● Problem to work on:
Unless a line falls after the one with "#11,#12)) REPRESENTATION_CONTEXT('',''));", retype it exactly from the records below; leave out all pictures.

━━━━

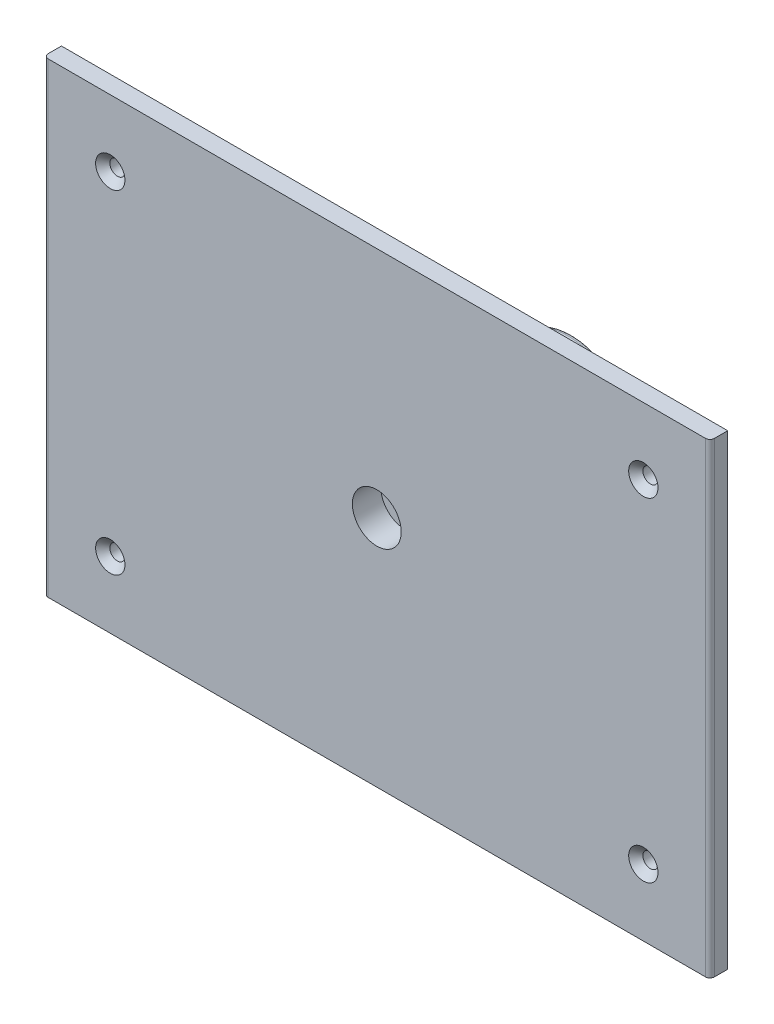
ISO-10303-21;
HEADER;
FILE_DESCRIPTION(('STEP AP214'),'2;1');
FILE_NAME('part.step','',(''),(''),'','','');
FILE_SCHEMA(('AUTOMOTIVE_DESIGN { 1 0 10303 214 1 1 1 1 }'));
ENDSEC;
DATA;
#1=APPLICATION_CONTEXT('core data for automotive mechanical design processes');
#2=APPLICATION_PROTOCOL_DEFINITION('international standard','automotive_design',2000,#1);
#3=PRODUCT_CONTEXT('',#1,'mechanical');
#4=PRODUCT('Part','Part','',(#3));
#5=PRODUCT_RELATED_PRODUCT_CATEGORY('part','',(#4));
#6=PRODUCT_DEFINITION_FORMATION('','',#4);
#7=PRODUCT_DEFINITION_CONTEXT('part definition',#1,'design');
#8=PRODUCT_DEFINITION('design','',#6,#7);
#9=PRODUCT_DEFINITION_SHAPE('','',#8);
#10=(LENGTH_UNIT() NAMED_UNIT(*) SI_UNIT(.MILLI.,.METRE.));
#11=(NAMED_UNIT(*) PLANE_ANGLE_UNIT() SI_UNIT($,.RADIAN.));
#12=(NAMED_UNIT(*) SI_UNIT($,.STERADIAN.) SOLID_ANGLE_UNIT());
#13=UNCERTAINTY_MEASURE_WITH_UNIT(LENGTH_MEASURE(1.E-05),#10,'distance_accuracy_value','');
#14=(GEOMETRIC_REPRESENTATION_CONTEXT(3) GLOBAL_UNCERTAINTY_ASSIGNED_CONTEXT((#13)) GLOBAL_UNIT_ASSIGNED_CONTEXT((#10,
#11,#12)) REPRESENTATION_CONTEXT('',''));
#15=CARTESIAN_POINT('',(0.,0.,0.));
#16=DIRECTION('',(0.,0.,1.));
#17=DIRECTION('',(1.,0.,0.));
#18=AXIS2_PLACEMENT_3D('',#15,#16,#17);
#19=CARTESIAN_POINT('',(-75.,52.5,2.));
#20=DIRECTION('',(1.,0.,0.));
#21=DIRECTION('',(0.,1.,0.));
#22=AXIS2_PLACEMENT_3D('',#19,#20,#21);
#23=PLANE('',#22);
#24=DIRECTION('',(0.,0.,-1.));
#25=VECTOR('',#24,1.);
#26=CARTESIAN_POINT('',(-75.,-52.5,2.));
#27=LINE('',#26,#25);
#28=CARTESIAN_POINT('',(-75.,-52.5,1.));
#29=VERTEX_POINT('',#28);
#30=CARTESIAN_POINT('',(-75.,-52.5,-2.));
#31=VERTEX_POINT('',#30);
#32=EDGE_CURVE('E87',#29,#31,#27,.T.);
#33=ORIENTED_EDGE('',*,*,#32,.F.);
#34=DIRECTION('',(0.,-1.,0.));
#35=VECTOR('',#34,1.);
#36=CARTESIAN_POINT('',(-75.,52.5,1.));
#37=LINE('',#36,#35);
#38=CARTESIAN_POINT('',(-75.,52.5,1.));
#39=VERTEX_POINT('',#38);
#40=EDGE_CURVE('E58',#29,#39,#37,.F.);
#41=ORIENTED_EDGE('',*,*,#40,.T.);
#42=DIRECTION('',(0.,0.,-1.));
#43=VECTOR('',#42,1.);
#44=CARTESIAN_POINT('',(-75.,52.5,2.));
#45=LINE('',#44,#43);
#46=CARTESIAN_POINT('',(-75.,52.5,-2.));
#47=VERTEX_POINT('',#46);
#48=EDGE_CURVE('E107',#39,#47,#45,.T.);
#49=ORIENTED_EDGE('',*,*,#48,.T.);
#50=DIRECTION('',(0.,-1.,0.));
#51=VECTOR('',#50,1.);
#52=CARTESIAN_POINT('',(-75.,52.5,-2.));
#53=LINE('',#52,#51);
#54=EDGE_CURVE('E103',#47,#31,#53,.T.);
#55=ORIENTED_EDGE('',*,*,#54,.T.);
#56=EDGE_LOOP('',(#33,#41,#49,#55));
#57=FACE_BOUND('',#56,.T.);
#58=ADVANCED_FACE('F35',(#57),#23,.F.);
#59=CARTESIAN_POINT('',(75.,-52.5,2.));
#60=DIRECTION('',(0.,1.,0.));
#61=DIRECTION('',(-1.,0.,0.));
#62=AXIS2_PLACEMENT_3D('',#59,#60,#61);
#63=PLANE('',#62);
#64=DIRECTION('',(1.,0.,0.));
#65=VECTOR('',#64,1.);
#66=CARTESIAN_POINT('',(75.,-52.5,2.));
#67=LINE('',#66,#65);
#68=CARTESIAN_POINT('',(-74.,-52.5,2.));
#69=VERTEX_POINT('',#68);
#70=CARTESIAN_POINT('',(74.,-52.5,2.));
#71=VERTEX_POINT('',#70);
#72=EDGE_CURVE('E121',#69,#71,#67,.T.);
#73=ORIENTED_EDGE('',*,*,#72,.F.);
#74=CARTESIAN_POINT('',(-74.,-52.5,1.));
#75=DIRECTION('',(0.,1.,0.));
#76=DIRECTION('',(-1.,0.,0.));
#77=AXIS2_PLACEMENT_3D('',#74,#75,#76);
#78=CIRCLE('',#77,1.);
#79=EDGE_CURVE('E94',#69,#29,#78,.F.);
#80=ORIENTED_EDGE('',*,*,#79,.T.);
#81=ORIENTED_EDGE('',*,*,#32,.T.);
#82=DIRECTION('',(1.,0.,0.));
#83=VECTOR('',#82,1.);
#84=CARTESIAN_POINT('',(75.,-52.5,-2.));
#85=LINE('',#84,#83);
#86=CARTESIAN_POINT('',(75.,-52.5,-2.));
#87=VERTEX_POINT('',#86);
#88=EDGE_CURVE('E92',#31,#87,#85,.T.);
#89=ORIENTED_EDGE('',*,*,#88,.T.);
#90=DIRECTION('',(0.,0.,-1.));
#91=VECTOR('',#90,1.);
#92=CARTESIAN_POINT('',(75.,-52.5,2.));
#93=LINE('',#92,#91);
#94=CARTESIAN_POINT('',(75.,-52.5,1.));
#95=VERTEX_POINT('',#94);
#96=EDGE_CURVE('E97',#95,#87,#93,.T.);
#97=ORIENTED_EDGE('',*,*,#96,.F.);
#98=CARTESIAN_POINT('',(74.,-52.5,1.));
#99=DIRECTION('',(0.,1.,0.));
#100=DIRECTION('',(-1.,0.,0.));
#101=AXIS2_PLACEMENT_3D('',#98,#99,#100);
#102=CIRCLE('',#101,1.);
#103=EDGE_CURVE('E143',#95,#71,#102,.F.);
#104=ORIENTED_EDGE('',*,*,#103,.T.);
#105=EDGE_LOOP('',(#73,#80,#81,#89,#97,#104));
#106=FACE_BOUND('',#105,.T.);
#107=ADVANCED_FACE('F90',(#106),#63,.F.);
#108=CARTESIAN_POINT('',(75.,52.5,2.));
#109=DIRECTION('',(-1.,0.,0.));
#110=DIRECTION('',(0.,-1.,0.));
#111=AXIS2_PLACEMENT_3D('',#108,#109,#110);
#112=PLANE('',#111);
#113=DIRECTION('',(0.,0.,-1.));
#114=VECTOR('',#113,1.);
#115=CARTESIAN_POINT('',(75.,52.5,2.));
#116=LINE('',#115,#114);
#117=CARTESIAN_POINT('',(75.,52.5,1.));
#118=VERTEX_POINT('',#117);
#119=CARTESIAN_POINT('',(75.,52.5,-2.));
#120=VERTEX_POINT('',#119);
#121=EDGE_CURVE('E123',#118,#120,#116,.T.);
#122=ORIENTED_EDGE('',*,*,#121,.F.);
#123=DIRECTION('',(0.,1.,0.));
#124=VECTOR('',#123,1.);
#125=CARTESIAN_POINT('',(75.,52.5,1.));
#126=LINE('',#125,#124);
#127=EDGE_CURVE('E11',#118,#95,#126,.F.);
#128=ORIENTED_EDGE('',*,*,#127,.T.);
#129=ORIENTED_EDGE('',*,*,#96,.T.);
#130=DIRECTION('',(0.,1.,0.));
#131=VECTOR('',#130,1.);
#132=CARTESIAN_POINT('',(75.,52.5,-2.));
#133=LINE('',#132,#131);
#134=EDGE_CURVE('E105',#87,#120,#133,.T.);
#135=ORIENTED_EDGE('',*,*,#134,.T.);
#136=EDGE_LOOP('',(#122,#128,#129,#135));
#137=FACE_BOUND('',#136,.T.);
#138=ADVANCED_FACE('F173',(#137),#112,.F.);
#139=CARTESIAN_POINT('',(75.,52.5,2.));
#140=DIRECTION('',(0.,-1.,0.));
#141=DIRECTION('',(1.,0.,0.));
#142=AXIS2_PLACEMENT_3D('',#139,#140,#141);
#143=PLANE('',#142);
#144=ORIENTED_EDGE('',*,*,#48,.F.);
#145=CARTESIAN_POINT('',(-74.,52.5,1.));
#146=DIRECTION('',(0.,-1.,0.));
#147=DIRECTION('',(1.,0.,0.));
#148=AXIS2_PLACEMENT_3D('',#145,#146,#147);
#149=CIRCLE('',#148,1.);
#150=CARTESIAN_POINT('',(-74.,52.5,2.));
#151=VERTEX_POINT('',#150);
#152=EDGE_CURVE('E43',#39,#151,#149,.F.);
#153=ORIENTED_EDGE('',*,*,#152,.T.);
#154=DIRECTION('',(-1.,0.,0.));
#155=VECTOR('',#154,1.);
#156=CARTESIAN_POINT('',(75.,52.5,2.));
#157=LINE('',#156,#155);
#158=CARTESIAN_POINT('',(74.,52.5,2.));
#159=VERTEX_POINT('',#158);
#160=EDGE_CURVE('E115',#159,#151,#157,.T.);
#161=ORIENTED_EDGE('',*,*,#160,.F.);
#162=CARTESIAN_POINT('',(74.,52.5,1.));
#163=DIRECTION('',(0.,-1.,0.));
#164=DIRECTION('',(1.,0.,0.));
#165=AXIS2_PLACEMENT_3D('',#162,#163,#164);
#166=CIRCLE('',#165,1.);
#167=EDGE_CURVE('E50',#159,#118,#166,.F.);
#168=ORIENTED_EDGE('',*,*,#167,.T.);
#169=ORIENTED_EDGE('',*,*,#121,.T.);
#170=DIRECTION('',(-1.,0.,0.));
#171=VECTOR('',#170,1.);
#172=CARTESIAN_POINT('',(75.,52.5,-2.));
#173=LINE('',#172,#171);
#174=EDGE_CURVE('E119',#120,#47,#173,.T.);
#175=ORIENTED_EDGE('',*,*,#174,.T.);
#176=EDGE_LOOP('',(#144,#153,#161,#168,#169,#175));
#177=FACE_BOUND('',#176,.T.);
#178=ADVANCED_FACE('F149',(#177),#143,.F.);
#179=CARTESIAN_POINT('',(0.,0.,2.));
#180=DIRECTION('',(0.,0.,-1.));
#181=DIRECTION('',(-1.,0.,0.));
#182=AXIS2_PLACEMENT_3D('',#179,#180,#181);
#183=PLANE('',#182);
#184=CARTESIAN_POINT('',(60.,37.5,2.));
#185=DIRECTION('',(0.,0.,-1.));
#186=DIRECTION('',(-1.,0.,0.));
#187=AXIS2_PLACEMENT_3D('',#184,#185,#186);
#188=CIRCLE('',#187,3.3);
#189=CARTESIAN_POINT('',(56.7,37.5,2.));
#190=VERTEX_POINT('',#189);
#191=EDGE_CURVE('E280',#190,#190,#188,.T.);
#192=ORIENTED_EDGE('',*,*,#191,.T.);
#193=EDGE_LOOP('',(#192));
#194=FACE_BOUND('',#193,.T.);
#195=CARTESIAN_POINT('',(-60.,37.5,2.));
#196=DIRECTION('',(0.,0.,-1.));
#197=DIRECTION('',(-1.,0.,0.));
#198=AXIS2_PLACEMENT_3D('',#195,#196,#197);
#199=CIRCLE('',#198,3.3);
#200=CARTESIAN_POINT('',(-63.3,37.5,2.));
#201=VERTEX_POINT('',#200);
#202=EDGE_CURVE('E284',#201,#201,#199,.T.);
#203=ORIENTED_EDGE('',*,*,#202,.T.);
#204=EDGE_LOOP('',(#203));
#205=FACE_BOUND('',#204,.T.);
#206=CARTESIAN_POINT('',(0.,0.,2.));
#207=DIRECTION('',(0.,0.,1.));
#208=DIRECTION('',(1.,0.,0.));
#209=AXIS2_PLACEMENT_3D('',#206,#207,#208);
#210=CIRCLE('',#209,5.5);
#211=CARTESIAN_POINT('',(5.5,0.,2.));
#212=VERTEX_POINT('',#211);
#213=EDGE_CURVE('E299',#212,#212,#210,.T.);
#214=ORIENTED_EDGE('',*,*,#213,.F.);
#215=EDGE_LOOP('',(#214));
#216=FACE_BOUND('',#215,.T.);
#217=CARTESIAN_POINT('',(60.,-37.5,2.));
#218=DIRECTION('',(0.,0.,-1.));
#219=DIRECTION('',(-1.,0.,0.));
#220=AXIS2_PLACEMENT_3D('',#217,#218,#219);
#221=CIRCLE('',#220,3.3);
#222=CARTESIAN_POINT('',(56.7,-37.5,2.));
#223=VERTEX_POINT('',#222);
#224=EDGE_CURVE('E200',#223,#223,#221,.T.);
#225=ORIENTED_EDGE('',*,*,#224,.T.);
#226=EDGE_LOOP('',(#225));
#227=FACE_BOUND('',#226,.T.);
#228=CARTESIAN_POINT('',(-60.,-37.5,2.));
#229=DIRECTION('',(0.,0.,-1.));
#230=DIRECTION('',(-1.,0.,0.));
#231=AXIS2_PLACEMENT_3D('',#228,#229,#230);
#232=CIRCLE('',#231,3.3);
#233=CARTESIAN_POINT('',(-63.3,-37.5,2.));
#234=VERTEX_POINT('',#233);
#235=EDGE_CURVE('E216',#234,#234,#232,.T.);
#236=ORIENTED_EDGE('',*,*,#235,.T.);
#237=EDGE_LOOP('',(#236));
#238=FACE_BOUND('',#237,.T.);
#239=ORIENTED_EDGE('',*,*,#160,.T.);
#240=DIRECTION('',(0.,-1.,0.));
#241=VECTOR('',#240,1.);
#242=CARTESIAN_POINT('',(-74.,0.,2.));
#243=LINE('',#242,#241);
#244=EDGE_CURVE('E140',#151,#69,#243,.T.);
#245=ORIENTED_EDGE('',*,*,#244,.T.);
#246=ORIENTED_EDGE('',*,*,#72,.T.);
#247=DIRECTION('',(0.,1.,0.));
#248=VECTOR('',#247,1.);
#249=CARTESIAN_POINT('',(74.,0.,2.));
#250=LINE('',#249,#248);
#251=EDGE_CURVE('E137',#71,#159,#250,.T.);
#252=ORIENTED_EDGE('',*,*,#251,.T.);
#253=EDGE_LOOP('',(#239,#245,#246,#252));
#254=FACE_BOUND('',#253,.T.);
#255=ADVANCED_FACE('F153',(#194,#205,#216,#227,#238,#254),#183,.F.);
#256=CARTESIAN_POINT('',(0.,0.,-2.));
#257=DIRECTION('',(0.,0.,-1.));
#258=DIRECTION('',(-1.,0.,0.));
#259=AXIS2_PLACEMENT_3D('',#256,#257,#258);
#260=PLANE('',#259);
#261=CARTESIAN_POINT('',(0.,0.,-2.));
#262=DIRECTION('',(0.,0.,-1.));
#263=DIRECTION('',(-1.,0.,0.));
#264=AXIS2_PLACEMENT_3D('',#261,#262,#263);
#265=CIRCLE('',#264,15.);
#266=CARTESIAN_POINT('',(-15.,0.,-2.));
#267=VERTEX_POINT('',#266);
#268=EDGE_CURVE('E134',#267,#267,#265,.F.);
#269=ORIENTED_EDGE('',*,*,#268,.T.);
#270=EDGE_LOOP('',(#269));
#271=FACE_BOUND('',#270,.T.);
#272=CARTESIAN_POINT('',(60.,37.5,-2.));
#273=DIRECTION('',(0.,0.,-1.));
#274=DIRECTION('',(-1.,0.,0.));
#275=AXIS2_PLACEMENT_3D('',#272,#273,#274);
#276=CIRCLE('',#275,1.69999999999999);
#277=CARTESIAN_POINT('',(58.3,37.5,-2.));
#278=VERTEX_POINT('',#277);
#279=EDGE_CURVE('E285',#278,#278,#276,.T.);
#280=ORIENTED_EDGE('',*,*,#279,.F.);
#281=EDGE_LOOP('',(#280));
#282=FACE_BOUND('',#281,.T.);
#283=CARTESIAN_POINT('',(-60.,37.5,-2.));
#284=DIRECTION('',(0.,0.,-1.));
#285=DIRECTION('',(-1.,0.,0.));
#286=AXIS2_PLACEMENT_3D('',#283,#284,#285);
#287=CIRCLE('',#286,1.69999999999999);
#288=CARTESIAN_POINT('',(-61.7,37.5,-2.));
#289=VERTEX_POINT('',#288);
#290=EDGE_CURVE('E288',#289,#289,#287,.T.);
#291=ORIENTED_EDGE('',*,*,#290,.F.);
#292=EDGE_LOOP('',(#291));
#293=FACE_BOUND('',#292,.T.);
#294=CARTESIAN_POINT('',(60.,-37.5,-2.));
#295=DIRECTION('',(0.,0.,-1.));
#296=DIRECTION('',(-1.,0.,0.));
#297=AXIS2_PLACEMENT_3D('',#294,#295,#296);
#298=CIRCLE('',#297,1.69999999999999);
#299=CARTESIAN_POINT('',(58.3,-37.5,-2.));
#300=VERTEX_POINT('',#299);
#301=EDGE_CURVE('E204',#300,#300,#298,.T.);
#302=ORIENTED_EDGE('',*,*,#301,.F.);
#303=EDGE_LOOP('',(#302));
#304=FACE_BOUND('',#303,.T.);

━━━━

● Your response:
ISO-10303-21;
HEADER;
FILE_DESCRIPTION(('STEP AP214'),'2;1');
FILE_NAME('part.step','',(''),(''),'','','');
FILE_SCHEMA(('AUTOMOTIVE_DESIGN { 1 0 10303 214 1 1 1 1 }'));
ENDSEC;
DATA;
#1=APPLICATION_CONTEXT('core data for automotive mechanical design processes');
#2=APPLICATION_PROTOCOL_DEFINITION('international standard','automotive_design',2000,#1);
#3=PRODUCT_CONTEXT('',#1,'mechanical');
#4=PRODUCT('Part','Part','',(#3));
#5=PRODUCT_RELATED_PRODUCT_CATEGORY('part','',(#4));
#6=PRODUCT_DEFINITION_FORMATION('','',#4);
#7=PRODUCT_DEFINITION_CONTEXT('part definition',#1,'design');
#8=PRODUCT_DEFINITION('design','',#6,#7);
#9=PRODUCT_DEFINITION_SHAPE('','',#8);
#10=(LENGTH_UNIT() NAMED_UNIT(*) SI_UNIT(.MILLI.,.METRE.));
#11=(NAMED_UNIT(*) PLANE_ANGLE_UNIT() SI_UNIT($,.RADIAN.));
#12=(NAMED_UNIT(*) SI_UNIT($,.STERADIAN.) SOLID_ANGLE_UNIT());
#13=UNCERTAINTY_MEASURE_WITH_UNIT(LENGTH_MEASURE(1.E-05),#10,'distance_accuracy_value','');
#14=(GEOMETRIC_REPRESENTATION_CONTEXT(3) GLOBAL_UNCERTAINTY_ASSIGNED_CONTEXT((#13)) GLOBAL_UNIT_ASSIGNED_CONTEXT((#10,
#11,#12)) REPRESENTATION_CONTEXT('',''));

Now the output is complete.